Monday, December 6, 2010

Selling Youth Through Americana

This semester I asserted multiple ideas about America and the nature of advertising using images of America to sell products. I focused on the construction of youth and rebellion employed by advertisers. Why Johnny Can’t Dissent and The New Politics of Consumption: Why Americans Want so Much More Than They Need by Thomas Frank and Juliet Schor, respectively, address aspects of those ideas. However, I primarily focused on the asthetic and both Schor and Frank look beyond what is being constructed in advertising to the discrepancies between the image and real life. Schor focuses on the “ideology of noninterference” when it comes to consumption in America. Frank focuses on the appropriation of rebellion by Corporate America. This ad, from Kate Spade’s 2010 spring advertising campaign exemplifies the same ideas of leisure, rebellion, and negated wealth that I addressed in my first paper. In that paper I addressed constructing an image of the perfect youth through an idea of Americana. I think Schor would argue that the idea is cyclical. In Politics of Consumption she asserts, “Advertising, getting a bargain, garage sales, and credit cards are firmly entrenched pillars of our way of life.” It would therefore seem that the advertisers are not selling ideas of liberty or freedom, but rather the right to buy as much of their product as you like.
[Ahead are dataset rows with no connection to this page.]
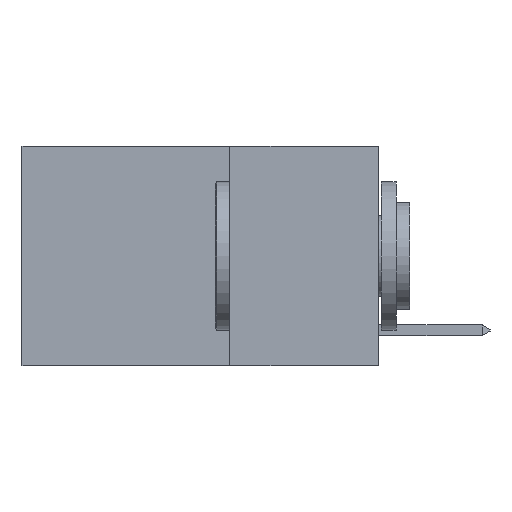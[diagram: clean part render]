
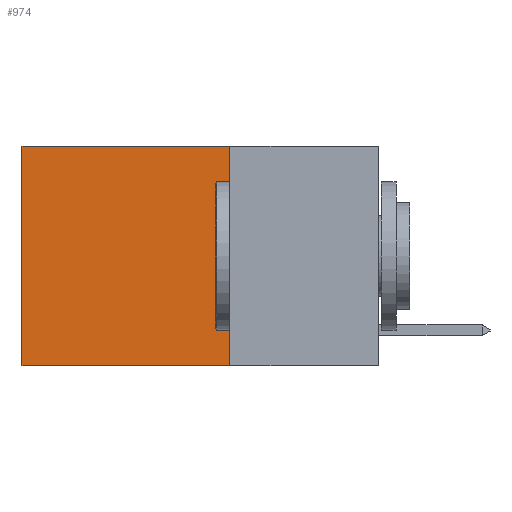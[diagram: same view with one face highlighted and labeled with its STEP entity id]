
A CAD part, left-side view. The second image highlights one B-rep face of the part: STEP entity #974.
In plain terms, the highlighted planar face has unit normal (-1, 0, 0).
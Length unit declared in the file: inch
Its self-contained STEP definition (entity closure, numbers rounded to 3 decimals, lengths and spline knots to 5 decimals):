
#645 = ORIENTED_EDGE ( 'NONE', *, *, #4303, .F. ) ;
#743 = CARTESIAN_POINT ( 'NONE',  ( 0.2625, 0.25, -0.37 ) ) ;
#974 = ADVANCED_FACE ( 'NONE', ( #5624 ), #4733, .F. ) ;
#1356 = CARTESIAN_POINT ( 'NONE',  ( 0.2625, 0.25, -0.37 ) ) ;
#1443 = LINE ( 'NONE', #743, #3670 ) ;
#1545 = EDGE_CURVE ( 'NONE', #9277, #10770, #6368, .T. ) ;
#1691 = ORIENTED_EDGE ( 'NONE', *, *, #8359, .F. ) ;
#2635 = DIRECTION ( 'NONE',  ( 0., 1., 0. ) ) ;
#2871 = CARTESIAN_POINT ( 'NONE',  ( 0.2625, 0.6, -0.37 ) ) ;
#3126 = CARTESIAN_POINT ( 'NONE',  ( 0.2625, 0.25, 0. ) ) ;
#3334 = LINE ( 'NONE', #11598, #5839 ) ;
#3670 = VECTOR ( 'NONE', #2635, 39.37008 ) ;
#3839 = VECTOR ( 'NONE', #7311, 39.37008 ) ;
#3861 = AXIS2_PLACEMENT_3D ( 'NONE', #9449, #9365, #9205 ) ;
#4156 = CARTESIAN_POINT ( 'NONE',  ( 0.2625, 0.6, 0. ) ) ;
#4303 = EDGE_CURVE ( 'NONE', #9277, #5560, #3334, .T. ) ;
#4733 = PLANE ( 'NONE',  #3861 ) ;
#5257 = EDGE_LOOP ( 'NONE', ( #10149, #1691, #645, #8303 ) ) ;
#5560 = VERTEX_POINT ( 'NONE', #1356 ) ;
#5624 = FACE_OUTER_BOUND ( 'NONE', #5257, .T. ) ;
#5839 = VECTOR ( 'NONE', #11597, 39.37008 ) ;
#6368 = LINE ( 'NONE', #7465, #3839 ) ;
#6941 = EDGE_CURVE ( 'NONE', #10770, #11935, #9139, .T. ) ;
#7311 = DIRECTION ( 'NONE',  ( 0., 1., 0. ) ) ;
#7465 = CARTESIAN_POINT ( 'NONE',  ( 0.2625, 0.25, 0. ) ) ;
#8303 = ORIENTED_EDGE ( 'NONE', *, *, #1545, .T. ) ;
#8359 = EDGE_CURVE ( 'NONE', #5560, #11935, #1443, .T. ) ;
#9139 = LINE ( 'NONE', #4156, #11316 ) ;
#9205 = DIRECTION ( 'NONE',  ( 0., 0., -1. ) ) ;
#9277 = VERTEX_POINT ( 'NONE', #3126 ) ;
#9365 = DIRECTION ( 'NONE',  ( 1., 0., 0. ) ) ;
#9449 = CARTESIAN_POINT ( 'NONE',  ( 0.2625, 0.25, 0. ) ) ;
#9761 = DIRECTION ( 'NONE',  ( 0., 0., -1. ) ) ;
#10149 = ORIENTED_EDGE ( 'NONE', *, *, #6941, .T. ) ;
#10770 = VERTEX_POINT ( 'NONE', #10992 ) ;
#10992 = CARTESIAN_POINT ( 'NONE',  ( 0.2625, 0.6, 0. ) ) ;
#11316 = VECTOR ( 'NONE', #9761, 39.37008 ) ;
#11597 = DIRECTION ( 'NONE',  ( 0., 0., -1. ) ) ;
#11598 = CARTESIAN_POINT ( 'NONE',  ( 0.2625, 0.25, 0. ) ) ;
#11935 = VERTEX_POINT ( 'NONE', #2871 ) ;

No need to be concerned that you are selling out however: as Frank put it, “Corporate America is not an oppressor but a sponsor of fun,” and “consumerism is no longer about ‘conformity’ but about ‘difference." I think that Schor would be concerned that millions of Americans are comparing their status to the status of the woman in the ad and Frank would point out that every aspect of the model’s rebellion can be bought.